Healthcare Software Development

Healthcare software development is the process of designing, building, testing, and maintaining software applications specifically for healthcare organizations, clinical workflows, and patient care. This includes electronic health record integrations, clinical decision support systems, patient portals, telehealth platforms, medical device software (SaMD), and data analytics tools. Unlike general software development, healthcare software must comply with strict regulatory requirements including HIPAA for data privacy, FDA regulations for medical device software, and interoperability standards like HL7 and FHIR. At Saga IT, our healthcare software development services span the full lifecycle from requirements analysis through deployment and ongoing support.

Software as a Medical Device (SaMD) is software intended to be used for medical purposes without being part of a hardware medical device. Common examples include clinical decision support algorithms, diagnostic imaging analysis tools, and remote patient monitoring applications. SaMD development is regulated by the FDA in the United States and must follow IEC 62304 for the software development lifecycle and ISO 14971 for risk management. The regulatory classification (Class I, II, or III) depends on the software's intended use and the severity of potential harm. Our medical software development team has hands-on experience building SaMD applications that meet FDA premarket requirements, including 510(k) submissions and De Novo classifications.

Custom healthcare software development costs vary widely depending on scope, complexity, and regulatory requirements. A single EHR integration — from prototype to go-live — can start as low as $15,000, while a HIPAA-compliant patient portal or clinical workflow tool might range from $75,000 to $500,000. A full SaMD application with FDA regulatory submissions can cost $500,000 to $2 million or more. Key cost drivers include the number of EHR integrations required, whether the software qualifies as a medical device under FDA regulations, the complexity of clinical workflows being automated, and ongoing compliance and maintenance needs. Saga IT provides detailed cost estimates after an initial discovery phase that maps your specific requirements, integration points, and regulatory obligations.

Healthcare software is a broad category that includes any software used in healthcare settings — from scheduling and billing systems to EHR platforms and population health analytics tools. Medical software, specifically Software as a Medical Device (SaMD), is a narrower category of software that has a medical purpose, such as diagnosing conditions, recommending treatments, or monitoring patient vital signs. The key distinction is regulatory: medical software (SaMD) is regulated by the FDA and must follow IEC 62304 and ISO 14971, while general healthcare software must comply with HIPAA but does not require FDA clearance. Our team builds both categories — visit our medical software development page for SaMD-specific capabilities or our healthcare app development page for general healthcare applications.

Timelines depend on the type and complexity of the application. A focused HIPAA-compliant web application or clinical workflow tool typically takes 3 to 6 months from discovery through deployment. More complex projects involving EHR integrations, multiple user roles, and regulatory compliance can take 6 to 12 months. SaMD applications requiring FDA regulatory submissions often span 12 to 18 months or longer, factoring in development, verification and validation (V&V), and the FDA review cycle. Saga IT uses agile delivery with 2-week sprints, deploying working software incrementally so that stakeholders see progress early and can provide feedback throughout the development lifecycle.

Yes — every healthcare application we build is designed for HIPAA compliance from the architecture level.
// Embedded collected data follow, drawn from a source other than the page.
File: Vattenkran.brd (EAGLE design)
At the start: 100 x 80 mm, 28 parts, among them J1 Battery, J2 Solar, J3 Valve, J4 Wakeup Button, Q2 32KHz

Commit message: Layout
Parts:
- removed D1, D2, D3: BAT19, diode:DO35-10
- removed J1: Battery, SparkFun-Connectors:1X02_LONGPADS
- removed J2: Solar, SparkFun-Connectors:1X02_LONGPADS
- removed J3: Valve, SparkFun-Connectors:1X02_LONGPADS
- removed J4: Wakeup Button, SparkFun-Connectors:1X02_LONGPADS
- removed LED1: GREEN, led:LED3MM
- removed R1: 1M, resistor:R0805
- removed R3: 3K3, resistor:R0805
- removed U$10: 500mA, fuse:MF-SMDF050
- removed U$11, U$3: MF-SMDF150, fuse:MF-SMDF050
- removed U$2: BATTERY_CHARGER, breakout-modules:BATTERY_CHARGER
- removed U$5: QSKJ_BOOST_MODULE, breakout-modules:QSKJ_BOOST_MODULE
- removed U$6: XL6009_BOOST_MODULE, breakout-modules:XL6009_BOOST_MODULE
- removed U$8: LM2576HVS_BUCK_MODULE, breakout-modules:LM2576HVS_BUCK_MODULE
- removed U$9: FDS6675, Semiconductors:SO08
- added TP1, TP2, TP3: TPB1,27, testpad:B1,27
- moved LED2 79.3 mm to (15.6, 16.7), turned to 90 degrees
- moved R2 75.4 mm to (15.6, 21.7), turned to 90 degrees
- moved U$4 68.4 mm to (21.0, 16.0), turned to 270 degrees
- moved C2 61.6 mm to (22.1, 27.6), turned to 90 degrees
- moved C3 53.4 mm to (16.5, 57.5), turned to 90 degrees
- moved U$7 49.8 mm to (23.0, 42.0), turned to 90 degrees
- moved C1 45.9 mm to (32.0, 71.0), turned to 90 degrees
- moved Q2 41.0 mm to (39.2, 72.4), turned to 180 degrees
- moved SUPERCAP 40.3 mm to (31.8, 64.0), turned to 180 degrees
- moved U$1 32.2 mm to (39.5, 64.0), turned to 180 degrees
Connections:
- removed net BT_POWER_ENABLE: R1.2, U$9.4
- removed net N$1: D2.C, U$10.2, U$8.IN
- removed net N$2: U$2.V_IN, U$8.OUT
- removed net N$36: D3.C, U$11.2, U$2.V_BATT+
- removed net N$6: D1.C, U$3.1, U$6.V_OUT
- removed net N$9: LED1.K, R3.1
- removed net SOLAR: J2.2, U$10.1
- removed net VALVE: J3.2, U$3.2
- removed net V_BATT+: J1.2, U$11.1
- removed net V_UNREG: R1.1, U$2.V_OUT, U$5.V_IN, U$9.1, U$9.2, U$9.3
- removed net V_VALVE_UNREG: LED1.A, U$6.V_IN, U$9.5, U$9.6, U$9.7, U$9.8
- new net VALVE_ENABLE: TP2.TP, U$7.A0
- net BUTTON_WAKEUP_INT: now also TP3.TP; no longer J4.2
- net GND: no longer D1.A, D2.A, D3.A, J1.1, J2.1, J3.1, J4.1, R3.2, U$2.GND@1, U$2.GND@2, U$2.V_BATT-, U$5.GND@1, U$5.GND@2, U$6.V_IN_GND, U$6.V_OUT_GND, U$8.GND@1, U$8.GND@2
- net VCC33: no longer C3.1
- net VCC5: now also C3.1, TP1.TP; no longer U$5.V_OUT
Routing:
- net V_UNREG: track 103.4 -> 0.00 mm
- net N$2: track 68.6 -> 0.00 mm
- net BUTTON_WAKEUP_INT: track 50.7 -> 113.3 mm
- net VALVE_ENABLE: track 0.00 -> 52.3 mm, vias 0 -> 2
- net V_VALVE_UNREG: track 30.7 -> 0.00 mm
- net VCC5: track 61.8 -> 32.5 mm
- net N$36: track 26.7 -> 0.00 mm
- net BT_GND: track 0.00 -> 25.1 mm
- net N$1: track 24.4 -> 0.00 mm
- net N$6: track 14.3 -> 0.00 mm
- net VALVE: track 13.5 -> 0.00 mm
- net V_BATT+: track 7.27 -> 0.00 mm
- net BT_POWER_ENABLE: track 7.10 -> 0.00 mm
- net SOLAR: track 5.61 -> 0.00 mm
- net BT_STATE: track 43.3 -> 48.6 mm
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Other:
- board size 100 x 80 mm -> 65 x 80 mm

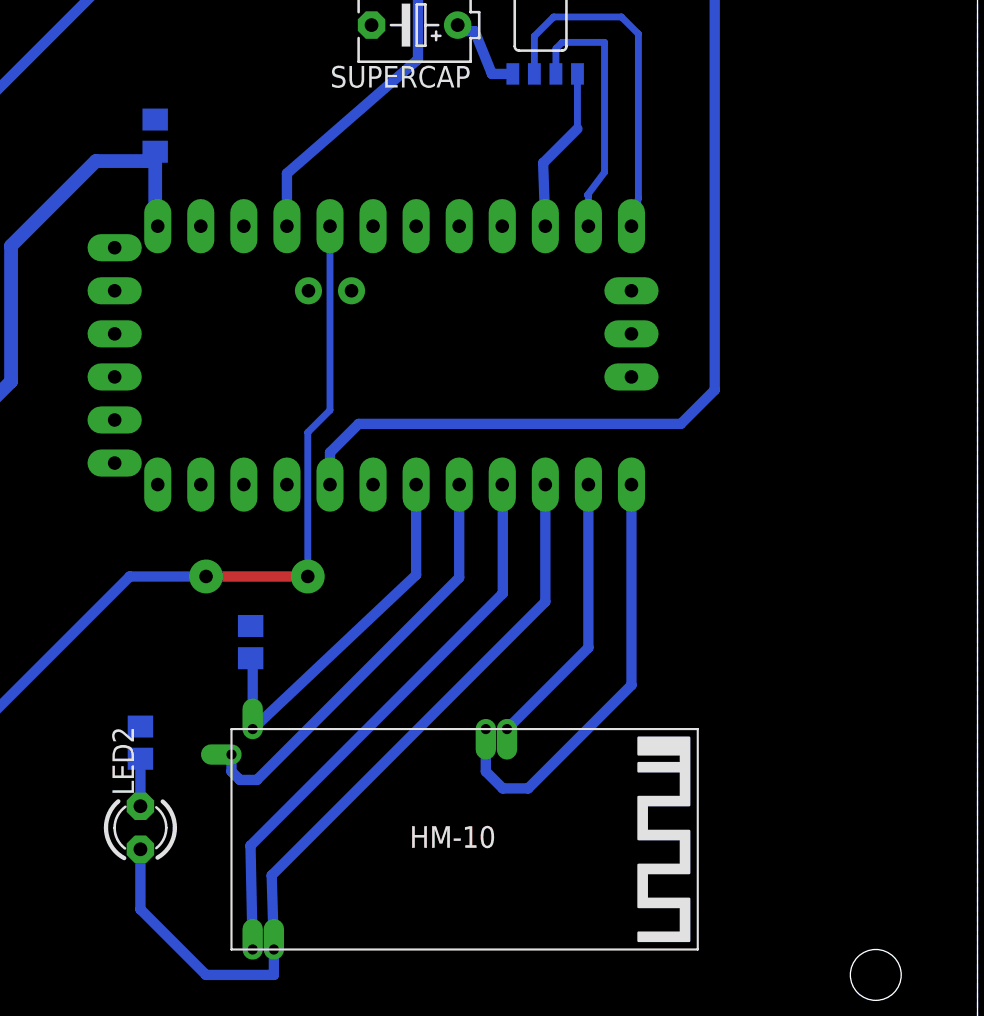
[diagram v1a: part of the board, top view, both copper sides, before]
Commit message: Fill to edge
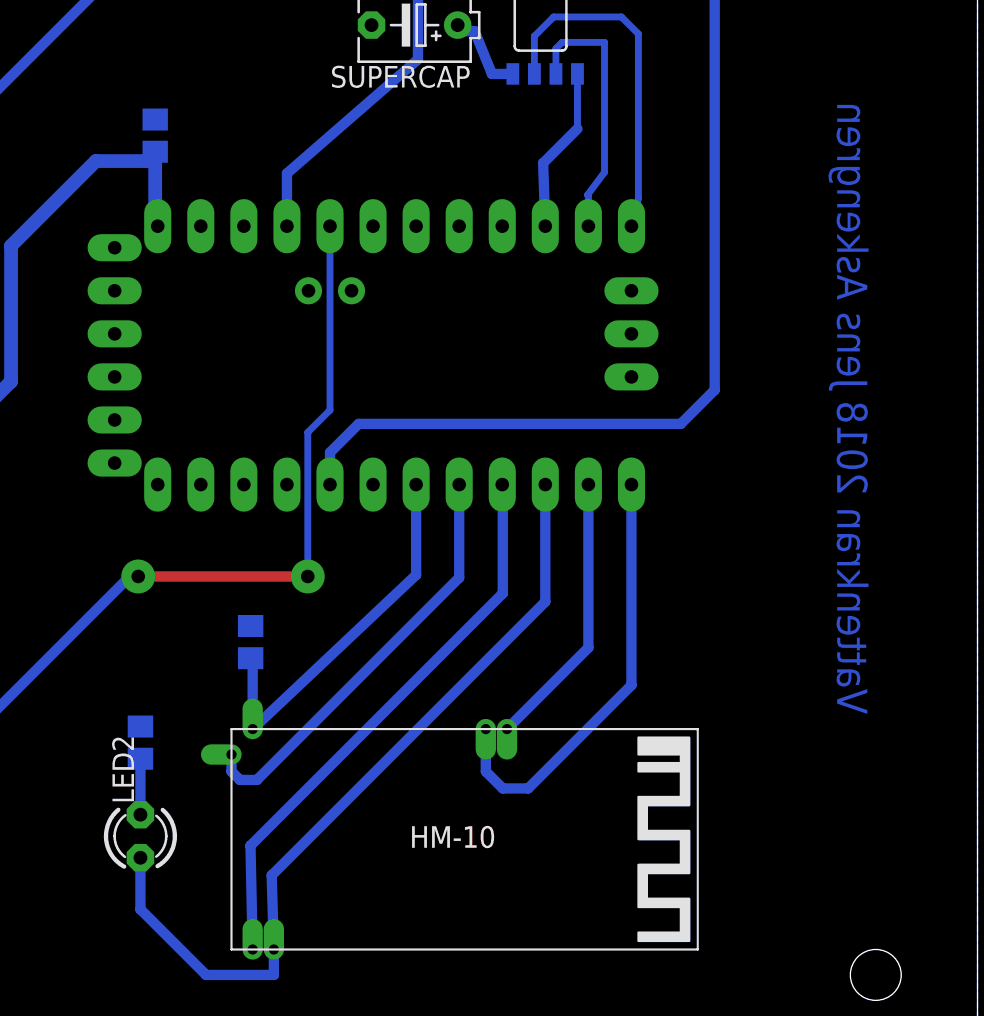
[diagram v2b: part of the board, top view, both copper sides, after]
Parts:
- moved LED2 0.50 mm to (15.6, 16.2)
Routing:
- net N$3: track 2.80 -> 3.30 mm
- net BT_STATE: track 48.6 -> 48.1 mm
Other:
- board text added: "Vattenkran 2018 Jens Askengren"
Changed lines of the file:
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@@
 <hole x="58" y="72" drill="3"/>
 <hole x="59" y="8" drill="3"/>
+<text x="58.5" y="59.5" size="1.778" layer="16" rot="MR270">Vattenkran 2018 Jens Askengren</text>
 </plain>
 <attributes>
@@
 <param name="mdViaViaSameLayer" value="6mil"/>
 <param name="mnLayersViaInSmd" value="2"/>
-<param name="mdCopperDimension" value="40mil"/>
+<param name="mdCopperDimension" value="0mil"/>
 <param name="mdDrill" value="6mil"/>
 <param name="mdSmdStop" value="0mil"/>
@@
 <element name="C2" library="resistor" library_urn="urn:adsk.eagle:library:348" package="C0805" package3d_urn="urn:adsk.eagle:package:26137/1" value="100nF" x="22.13" y="27.63" rot="MR90"/>
 <element name="C3" library="resistor" library_urn="urn:adsk.eagle:library:348" package="C0805" package3d_urn="urn:adsk.eagle:package:26137/1" value="100nF" x="16.5" y="57.5" rot="MR90"/>
-<element name="LED2" library="led" library_urn="urn:adsk.eagle:library:259" package="LED3MM" package3d_urn="urn:adsk.eagle:package:15797/1" value="GREEN" x="15.63" y="16.68" rot="R90"/>
+<element name="LED2" library="led" library_urn="urn:adsk.eagle:library:259" package="LED3MM" package3d_urn="urn:adsk.eagle:package:15797/1" value="GREEN" x="15.63" y="16.18" rot="R90"/>
 <element name="Q2" library="adafruit" package="TC38H" value="32KHz" x="39.23" y="72.42" rot="R180">
 <attribute name="MF" value="" x="39.23" y="72.42" size="1.778" layer="27" rot="R180" display="off"/>
@@
 <contactref element="C3" pad="2"/>
 <contactref element="C2" pad="2"/>
-<polygon width="0.508" layer="16" isolate="1.016">
+<polygon width="0" layer="16" isolate="1.016">
 <vertex x="0" y="80"/>
 <vertex x="65" y="80"/>
@@
 <vertex x="0" y="0"/>
 </polygon>
-<wire x1="22.13" y1="28.58" x2="24.27" y2="36.92" width="0" layer="19" extent="16-16"/>
-<wire x1="19.19" y1="52.16" x2="24.27" y2="36.92" width="0" layer="19" extent="1-1"/>
 </signal>
 <signal name="BT_RX">
@@
 <wire x1="23.5" y1="8" x2="19.5" y2="8" width="0.6096" layer="16"/>
 <wire x1="19.5" y1="8" x2="15.63" y2="11.87" width="0.6096" layer="16"/>
-<wire x1="15.63" y1="11.87" x2="15.63" y2="15.41" width="0.6096" layer="16"/>
+<wire x1="15.63" y1="11.87" x2="15.63" y2="14.91" width="0.6096" layer="16"/>
 </signal>
 <signal name="VCC5">
@@
 <contactref element="R2" pad="1"/>
 <contactref element="LED2" pad="K"/>
-<wire x1="15.63" y1="17.95" x2="15.63" y2="20.75" width="0.6096" layer="16"/>
+<wire x1="15.63" y1="17.45" x2="15.63" y2="20.75" width="0.6096" layer="16"/>
 </signal>
 <signal name="N$4">
@@
 <wire x1="25.5" y1="40" x2="25.5" y2="31.5" width="0.4064" layer="16"/>
 <via x="25.5" y="31.5" extent="1-16" drill="0.8" diameter="2"/>
-<wire x1="25.5" y1="31.5" x2="19.5" y2="31.5" width="0.6096" layer="1"/>
-<via x="19.5" y="31.5" extent="1-16" drill="0.8" diameter="2"/>
-<wire x1="19.5" y1="31.5" x2="15" y2="31.5" width="0.6096" layer="16"/>
+<wire x1="25.5" y1="31.5" x2="15.5" y2="31.5" width="0.6096" layer="1"/>
+<via x="15.5" y="31.5" extent="1-16" drill="0.8" diameter="2"/>
+<wire x1="15.5" y1="31.5" x2="15" y2="31.5" width="0.6096" layer="16"/>
 <wire x1="15" y1="31.5" x2="3.5" y2="20" width="0.6096" layer="16"/>
 <wire x1="3.5" y1="20" x2="-0.1792" y2="20" width="0.6096" layer="16"/>

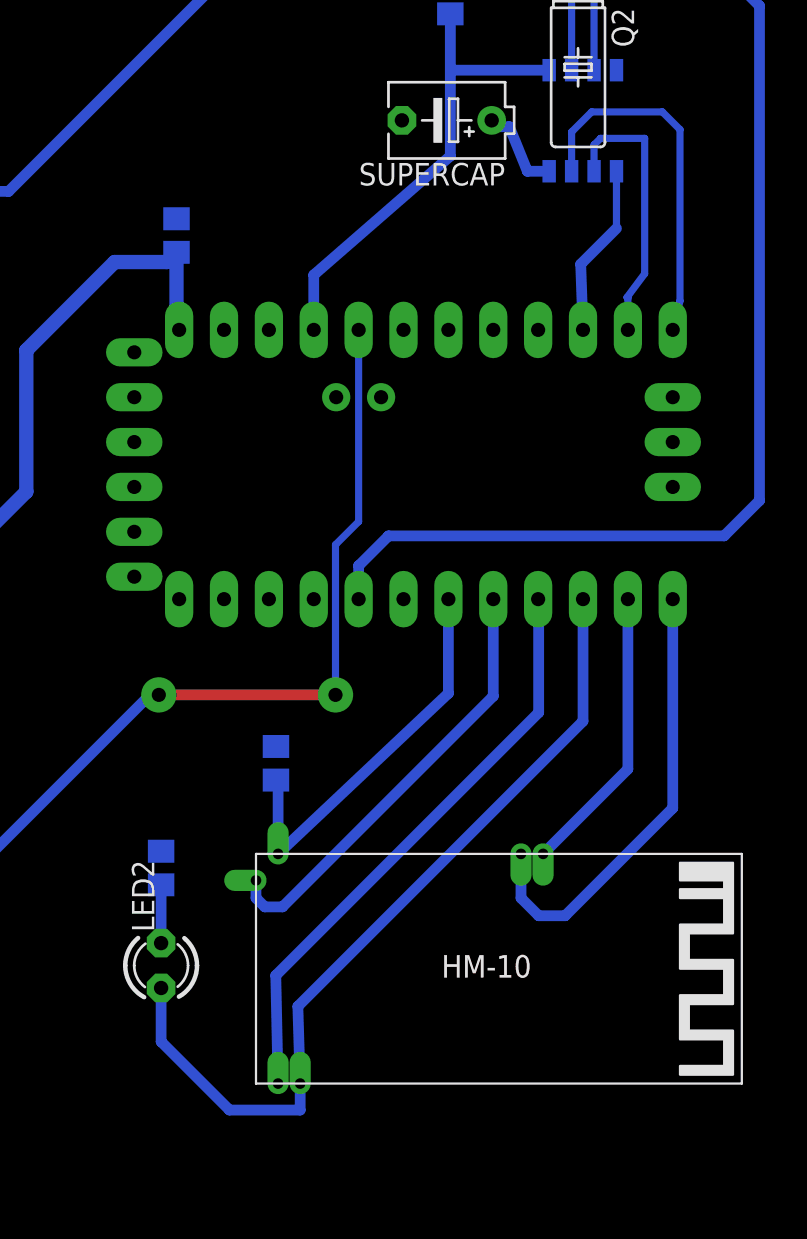
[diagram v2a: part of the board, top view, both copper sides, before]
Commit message: Replaced PTC
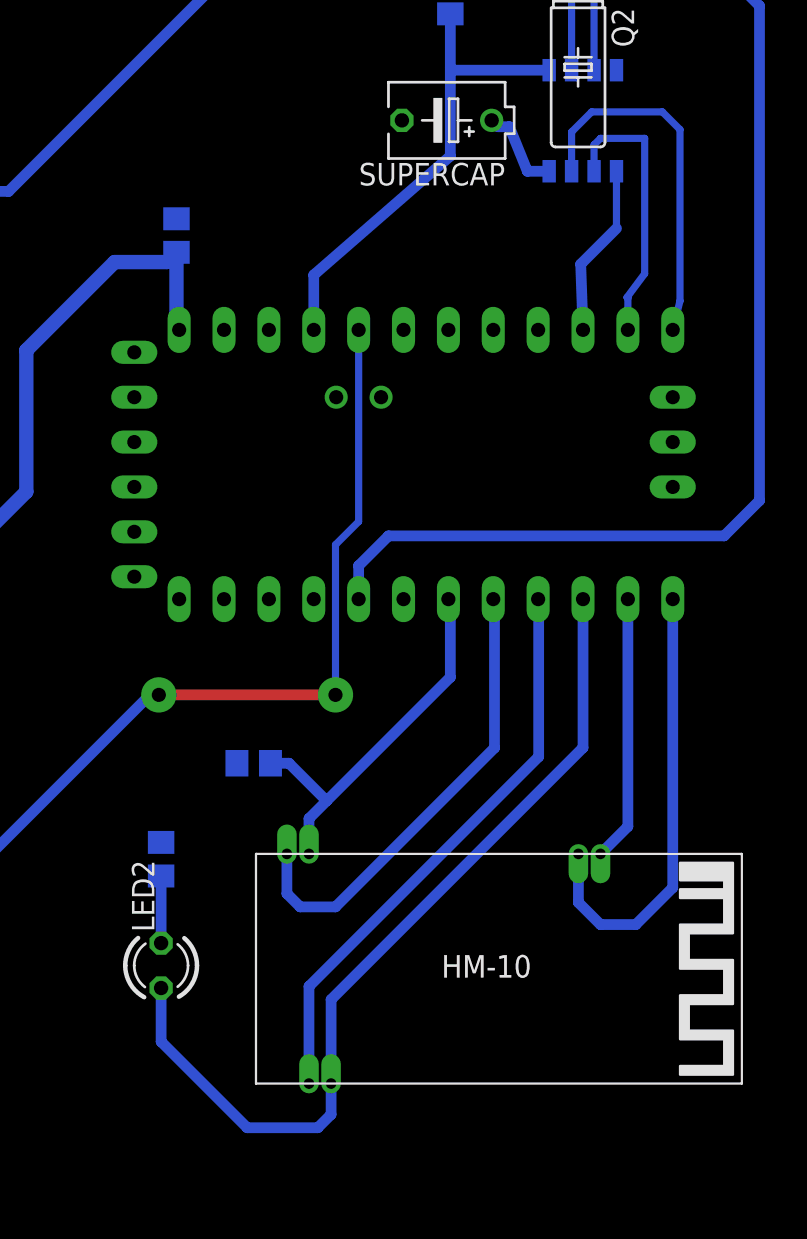
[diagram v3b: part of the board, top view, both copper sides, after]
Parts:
- moved C2 1.26 mm to (20.9, 27.6), turned to 0 degrees
- moved R2 0.50 mm to (15.6, 22.2)
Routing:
- net BT_STATE: track 48.1 -> 50.1 mm
- net BT_GND: track 25.1 -> 26.5 mm
- net BT_TX: track 16.4 -> 15.1 mm
- net BT_VCC33: track 22.8 -> 21.8 mm
- net BT_BRK: track 33.6 -> 32.8 mm
- net N$3: track 3.30 -> 3.80 mm
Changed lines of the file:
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@@
 <param name="msMicroVia" value="9.99mm"/>
 <param name="msBlindViaRatio" value="0.5"/>
-<param name="rvPadTop" value="0.5"/>
+<param name="rvPadTop" value="0.25"/>
 <param name="rvPadInner" value="0.25"/>
 <param name="rvPadBottom" value="0.25"/>
@@
 <param name="dpGapFactor" value="2.5"/>
 <param name="checkAngle" value="0"/>
-<param name="checkFont" value="1"/>
+<param name="checkFont" value="0"/>
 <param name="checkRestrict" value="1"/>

This includes encryption at rest and in transit, role-based access controls, comprehensive audit logging, secure authentication, and BAA-covered cloud infrastructure on AWS or Azure. We also implement the administrative and technical safeguards required by the HIPAA Security Rule, including access management policies, incident response procedures, and regular security assessments. For applications that handle protected health information (PHI), our HIPAA compliance team works alongside our development engineers to ensure every component meets regulatory requirements before go-live.